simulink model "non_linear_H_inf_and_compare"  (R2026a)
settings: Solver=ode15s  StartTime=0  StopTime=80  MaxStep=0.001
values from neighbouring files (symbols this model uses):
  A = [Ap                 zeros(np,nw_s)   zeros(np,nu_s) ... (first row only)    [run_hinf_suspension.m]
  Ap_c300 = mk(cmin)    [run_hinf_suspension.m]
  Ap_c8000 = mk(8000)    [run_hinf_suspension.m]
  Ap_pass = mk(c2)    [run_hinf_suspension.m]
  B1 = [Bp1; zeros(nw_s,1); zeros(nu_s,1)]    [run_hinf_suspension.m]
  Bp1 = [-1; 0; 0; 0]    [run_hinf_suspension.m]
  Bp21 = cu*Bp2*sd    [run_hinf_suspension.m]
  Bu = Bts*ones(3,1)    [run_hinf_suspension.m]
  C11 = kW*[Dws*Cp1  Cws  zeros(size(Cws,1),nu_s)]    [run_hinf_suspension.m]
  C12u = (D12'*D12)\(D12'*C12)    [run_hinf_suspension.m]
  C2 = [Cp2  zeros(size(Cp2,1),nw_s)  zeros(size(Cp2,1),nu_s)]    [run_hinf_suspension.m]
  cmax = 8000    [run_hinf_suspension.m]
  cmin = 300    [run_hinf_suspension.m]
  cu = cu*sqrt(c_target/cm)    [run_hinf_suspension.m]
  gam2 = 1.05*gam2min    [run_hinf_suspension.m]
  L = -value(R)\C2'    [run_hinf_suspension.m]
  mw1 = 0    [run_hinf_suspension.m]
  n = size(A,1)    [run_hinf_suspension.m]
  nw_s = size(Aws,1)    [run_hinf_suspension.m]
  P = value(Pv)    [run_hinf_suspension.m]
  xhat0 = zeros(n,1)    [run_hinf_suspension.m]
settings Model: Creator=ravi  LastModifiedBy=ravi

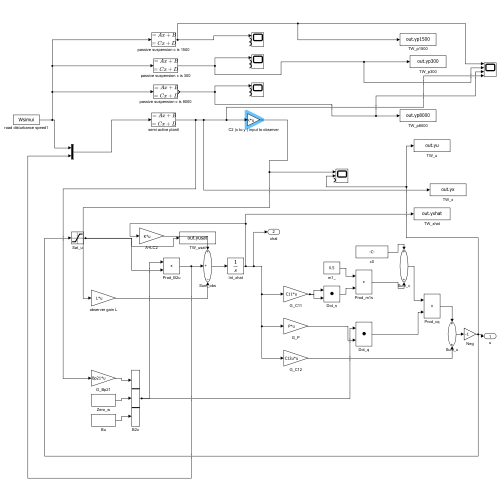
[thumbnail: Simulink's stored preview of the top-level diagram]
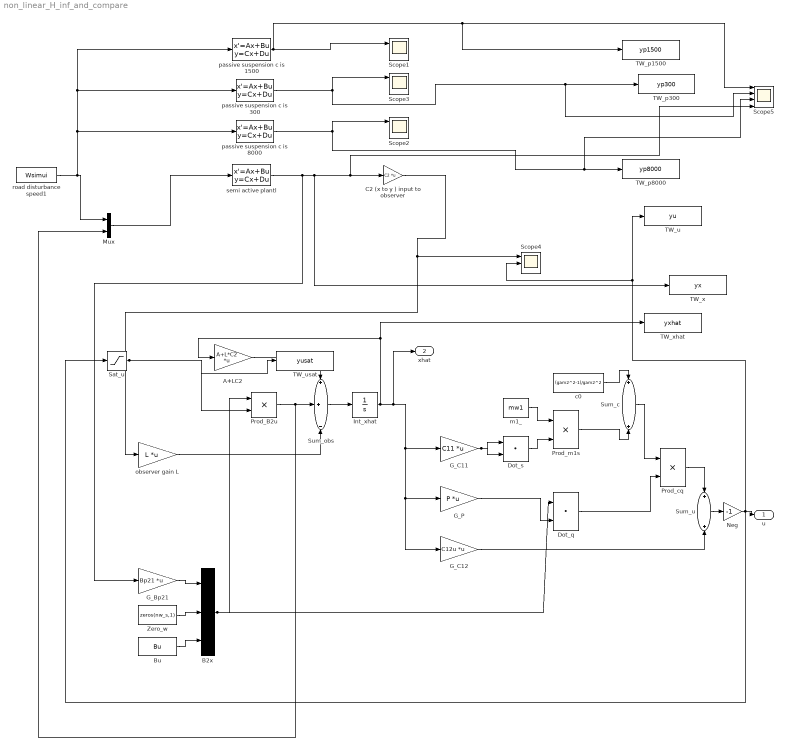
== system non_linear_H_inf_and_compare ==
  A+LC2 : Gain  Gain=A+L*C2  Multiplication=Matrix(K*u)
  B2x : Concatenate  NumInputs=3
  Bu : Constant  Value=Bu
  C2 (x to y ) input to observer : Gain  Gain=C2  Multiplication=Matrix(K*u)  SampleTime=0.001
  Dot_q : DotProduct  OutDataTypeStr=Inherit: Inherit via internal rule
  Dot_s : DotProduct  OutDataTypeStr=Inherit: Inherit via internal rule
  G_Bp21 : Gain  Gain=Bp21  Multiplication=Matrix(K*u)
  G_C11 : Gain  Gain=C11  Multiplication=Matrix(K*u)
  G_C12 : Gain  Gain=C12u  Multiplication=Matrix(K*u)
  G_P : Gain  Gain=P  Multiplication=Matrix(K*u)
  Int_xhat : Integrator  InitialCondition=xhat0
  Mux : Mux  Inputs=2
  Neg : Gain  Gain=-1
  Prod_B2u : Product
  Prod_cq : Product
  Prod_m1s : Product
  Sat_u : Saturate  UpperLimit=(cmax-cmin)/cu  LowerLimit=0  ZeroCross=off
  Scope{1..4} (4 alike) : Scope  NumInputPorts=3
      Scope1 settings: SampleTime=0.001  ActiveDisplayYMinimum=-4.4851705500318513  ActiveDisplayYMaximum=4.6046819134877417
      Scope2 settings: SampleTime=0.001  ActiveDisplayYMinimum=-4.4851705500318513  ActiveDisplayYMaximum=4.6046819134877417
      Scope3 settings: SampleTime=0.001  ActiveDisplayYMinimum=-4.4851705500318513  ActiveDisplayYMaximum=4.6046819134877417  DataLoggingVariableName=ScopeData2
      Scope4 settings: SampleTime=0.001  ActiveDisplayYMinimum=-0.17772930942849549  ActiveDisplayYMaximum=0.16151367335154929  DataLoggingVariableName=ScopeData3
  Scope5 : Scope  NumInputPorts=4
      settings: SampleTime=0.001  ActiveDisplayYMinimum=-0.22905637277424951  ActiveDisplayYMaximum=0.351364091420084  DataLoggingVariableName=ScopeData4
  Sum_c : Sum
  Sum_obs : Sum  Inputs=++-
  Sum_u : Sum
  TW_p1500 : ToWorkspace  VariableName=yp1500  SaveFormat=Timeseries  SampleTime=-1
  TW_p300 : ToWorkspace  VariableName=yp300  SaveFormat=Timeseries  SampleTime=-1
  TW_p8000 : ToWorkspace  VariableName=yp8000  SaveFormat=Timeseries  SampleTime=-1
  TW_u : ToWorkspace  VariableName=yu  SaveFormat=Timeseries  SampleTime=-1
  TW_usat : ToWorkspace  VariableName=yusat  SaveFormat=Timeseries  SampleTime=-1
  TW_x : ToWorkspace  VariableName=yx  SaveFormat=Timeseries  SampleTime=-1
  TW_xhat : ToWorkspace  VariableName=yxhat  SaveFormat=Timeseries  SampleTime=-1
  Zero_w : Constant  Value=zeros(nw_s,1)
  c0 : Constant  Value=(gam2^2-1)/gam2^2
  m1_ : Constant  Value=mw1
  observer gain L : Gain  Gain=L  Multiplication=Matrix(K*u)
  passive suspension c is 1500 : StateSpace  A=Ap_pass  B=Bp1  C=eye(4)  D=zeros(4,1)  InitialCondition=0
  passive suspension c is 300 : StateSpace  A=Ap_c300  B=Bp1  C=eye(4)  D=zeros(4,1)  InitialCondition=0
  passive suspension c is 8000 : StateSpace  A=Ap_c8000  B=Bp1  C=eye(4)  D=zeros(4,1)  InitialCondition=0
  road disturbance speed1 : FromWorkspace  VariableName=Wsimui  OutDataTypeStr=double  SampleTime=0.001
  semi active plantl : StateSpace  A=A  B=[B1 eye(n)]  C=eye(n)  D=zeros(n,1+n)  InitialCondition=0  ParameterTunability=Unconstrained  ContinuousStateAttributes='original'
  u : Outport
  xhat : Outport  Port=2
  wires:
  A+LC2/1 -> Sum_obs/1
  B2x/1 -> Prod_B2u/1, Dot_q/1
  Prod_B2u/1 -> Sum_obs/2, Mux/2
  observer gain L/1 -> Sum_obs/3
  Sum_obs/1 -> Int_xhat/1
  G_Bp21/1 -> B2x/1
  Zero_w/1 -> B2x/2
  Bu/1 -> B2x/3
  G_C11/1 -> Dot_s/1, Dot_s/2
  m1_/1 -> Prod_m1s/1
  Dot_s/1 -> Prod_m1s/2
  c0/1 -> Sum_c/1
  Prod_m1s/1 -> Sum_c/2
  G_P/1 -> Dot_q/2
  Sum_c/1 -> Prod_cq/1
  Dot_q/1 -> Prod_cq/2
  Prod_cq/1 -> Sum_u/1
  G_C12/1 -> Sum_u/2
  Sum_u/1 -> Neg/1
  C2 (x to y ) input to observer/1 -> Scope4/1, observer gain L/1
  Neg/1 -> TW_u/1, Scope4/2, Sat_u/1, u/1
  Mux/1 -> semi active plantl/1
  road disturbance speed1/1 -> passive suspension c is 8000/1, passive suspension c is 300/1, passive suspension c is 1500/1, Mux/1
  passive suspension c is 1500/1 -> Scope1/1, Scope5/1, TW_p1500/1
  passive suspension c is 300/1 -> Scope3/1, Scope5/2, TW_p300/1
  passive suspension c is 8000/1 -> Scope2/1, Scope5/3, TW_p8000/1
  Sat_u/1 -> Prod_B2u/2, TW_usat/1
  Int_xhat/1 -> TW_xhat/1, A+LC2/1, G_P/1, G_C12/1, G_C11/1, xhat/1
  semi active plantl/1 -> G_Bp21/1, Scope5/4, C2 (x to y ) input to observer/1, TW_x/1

-- -- --

WORK INSTRUCTIONS —
Leave out the pictures and output the rest of the material exactly as written.

WRITTEN SOLUTION —
simulink model "non_linear_H_inf_and_compare"  (R2026a)
settings: Solver=ode15s  StartTime=0  StopTime=80  MaxStep=0.001
values from neighbouring files (symbols this model uses):
  A = [Ap                 zeros(np,nw_s)   zeros(np,nu_s) ... (first row only)    [run_hinf_suspension.m]
  Ap_c300 = mk(cmin)    [run_hinf_suspension.m]
  Ap_c8000 = mk(8000)    [run_hinf_suspension.m]
  Ap_pass = mk(c2)    [run_hinf_suspension.m]
  B1 = [Bp1; zeros(nw_s,1); zeros(nu_s,1)]    [run_hinf_suspension.m]
  Bp1 = [-1; 0; 0; 0]    [run_hinf_suspension.m]
  Bp21 = cu*Bp2*sd    [run_hinf_suspension.m]
  Bu = Bts*ones(3,1)    [run_hinf_suspension.m]
  C11 = kW*[Dws*Cp1  Cws  zeros(size(Cws,1),nu_s)]    [run_hinf_suspension.m]
  C12u = (D12'*D12)\(D12'*C12)    [run_hinf_suspension.m]
  C2 = [Cp2  zeros(size(Cp2,1),nw_s)  zeros(size(Cp2,1),nu_s)]    [run_hinf_suspension.m]
  cmax = 8000    [run_hinf_suspension.m]
  cmin = 300    [run_hinf_suspension.m]
  cu = cu*sqrt(c_target/cm)    [run_hinf_suspension.m]
  gam2 = 1.05*gam2min    [run_hinf_suspension.m]
  L = -value(R)\C2'    [run_hinf_suspension.m]
  mw1 = 0    [run_hinf_suspension.m]
  n = size(A,1)    [run_hinf_suspension.m]
  nw_s = size(Aws,1)    [run_hinf_suspension.m]
  P = value(Pv)    [run_hinf_suspension.m]
  xhat0 = zeros(n,1)    [run_hinf_suspension.m]
settings Model: Creator=ravi  LastModifiedBy=ravi

[thumbnail: Simulink's stored preview of the top-level diagram]
== system non_linear_H_inf_and_compare ==
  A+LC2 : Gain  Gain=A+L*C2  Multiplication=Matrix(K*u)
  B2x : Concatenate  NumInputs=3
  Bu : Constant  Value=Bu
  C2 (x to y ) input to observer : Gain  Gain=C2  Multiplication=Matrix(K*u)  SampleTime=0.001
  Dot_q : DotProduct  OutDataTypeStr=Inherit: Inherit via internal rule
  Dot_s : DotProduct  OutDataTypeStr=Inherit: Inherit via internal rule
  G_Bp21 : Gain  Gain=Bp21  Multiplication=Matrix(K*u)
  G_C11 : Gain  Gain=C11  Multiplication=Matrix(K*u)
  G_C12 : Gain  Gain=C12u  Multiplication=Matrix(K*u)
  G_P : Gain  Gain=P  Multiplication=Matrix(K*u)
  Int_xhat : Integrator  InitialCondition=xhat0
  Mux : Mux  Inputs=2
  Neg : Gain  Gain=-1
  Prod_B2u : Product
  Prod_cq : Product
  Prod_m1s : Product
  Sat_u : Saturate  UpperLimit=(cmax-cmin)/cu  LowerLimit=0  ZeroCross=off
  Scope{1..4} (4 alike) : Scope  NumInputPorts=3
      Scope1 settings: SampleTime=0.001  ActiveDisplayYMinimum=-4.4851705500318513  ActiveDisplayYMaximum=4.6046819134877417
      Scope2 settings: SampleTime=0.001  ActiveDisplayYMinimum=-4.4851705500318513  ActiveDisplayYMaximum=4.6046819134877417
      Scope3 settings: SampleTime=0.001  ActiveDisplayYMinimum=-4.4851705500318513  ActiveDisplayYMaximum=4.6046819134877417  DataLoggingVariableName=ScopeData2
      Scope4 settings: SampleTime=0.001  ActiveDisplayYMinimum=-0.17772930942849549  ActiveDisplayYMaximum=0.16151367335154929  DataLoggingVariableName=ScopeData3
  Scope5 : Scope  NumInputPorts=4
      settings: SampleTime=0.001  ActiveDisplayYMinimum=-0.22905637277424951  ActiveDisplayYMaximum=0.351364091420084  DataLoggingVariableName=ScopeData4
  Sum_c : Sum
  Sum_obs : Sum  Inputs=++-
  Sum_u : Sum
  TW_p1500 : ToWorkspace  VariableName=yp1500  SaveFormat=Timeseries  SampleTime=-1
  TW_p300 : ToWorkspace  VariableName=yp300  SaveFormat=Timeseries  SampleTime=-1
  TW_p8000 : ToWorkspace  VariableName=yp8000  SaveFormat=Timeseries  SampleTime=-1
  TW_u : ToWorkspace  VariableName=yu  SaveFormat=Timeseries  SampleTime=-1
  TW_usat : ToWorkspace  VariableName=yusat  SaveFormat=Timeseries  SampleTime=-1
  TW_x : ToWorkspace  VariableName=yx  SaveFormat=Timeseries  SampleTime=-1
  TW_xhat : ToWorkspace  VariableName=yxhat  SaveFormat=Timeseries  SampleTime=-1
  Zero_w : Constant  Value=zeros(nw_s,1)
  c0 : Constant  Value=(gam2^2-1)/gam2^2
  m1_ : Constant  Value=mw1
  observer gain L : Gain  Gain=L  Multiplication=Matrix(K*u)
  passive suspension c is 1500 : StateSpace  A=Ap_pass  B=Bp1  C=eye(4)  D=zeros(4,1)  InitialCondition=0
  passive suspension c is 300 : StateSpace  A=Ap_c300  B=Bp1  C=eye(4)  D=zeros(4,1)  InitialCondition=0
  passive suspension c is 8000 : StateSpace  A=Ap_c8000  B=Bp1  C=eye(4)  D=zeros(4,1)  InitialCondition=0
  road disturbance speed1 : FromWorkspace  VariableName=Wsimui  OutDataTypeStr=double  SampleTime=0.001
  semi active plantl : StateSpace  A=A  B=[B1 eye(n)]  C=eye(n)  D=zeros(n,1+n)  InitialCondition=0  ParameterTunability=Unconstrained  ContinuousStateAttributes='original'
  u : Outport
  xhat : Outport  Port=2
  wires:
  A+LC2/1 -> Sum_obs/1
  B2x/1 -> Prod_B2u/1, Dot_q/1
  Prod_B2u/1 -> Sum_obs/2, Mux/2
  observer gain L/1 -> Sum_obs/3
  Sum_obs/1 -> Int_xhat/1
  G_Bp21/1 -> B2x/1
  Zero_w/1 -> B2x/2
  Bu/1 -> B2x/3
  G_C11/1 -> Dot_s/1, Dot_s/2
  m1_/1 -> Prod_m1s/1
  Dot_s/1 -> Prod_m1s/2
  c0/1 -> Sum_c/1
  Prod_m1s/1 -> Sum_c/2
  G_P/1 -> Dot_q/2
  Sum_c/1 -> Prod_cq/1
  Dot_q/1 -> Prod_cq/2
  Prod_cq/1 -> Sum_u/1
  G_C12/1 -> Sum_u/2
  Sum_u/1 -> Neg/1
  C2 (x to y ) input to observer/1 -> Scope4/1, observer gain L/1
  Neg/1 -> TW_u/1, Scope4/2, Sat_u/1, u/1
  Mux/1 -> semi active plantl/1
  road disturbance speed1/1 -> passive suspension c is 8000/1, passive suspension c is 300/1, passive suspension c is 1500/1, Mux/1
  passive suspension c is 1500/1 -> Scope1/1, Scope5/1, TW_p1500/1
  passive suspension c is 300/1 -> Scope3/1, Scope5/2, TW_p300/1
  passive suspension c is 8000/1 -> Scope2/1, Scope5/3, TW_p8000/1
  Sat_u/1 -> Prod_B2u/2, TW_usat/1
  Int_xhat/1 -> TW_xhat/1, A+LC2/1, G_P/1, G_C12/1, G_C11/1, xhat/1
  semi active plantl/1 -> G_Bp21/1, Scope5/4, C2 (x to y ) input to observer/1, TW_x/1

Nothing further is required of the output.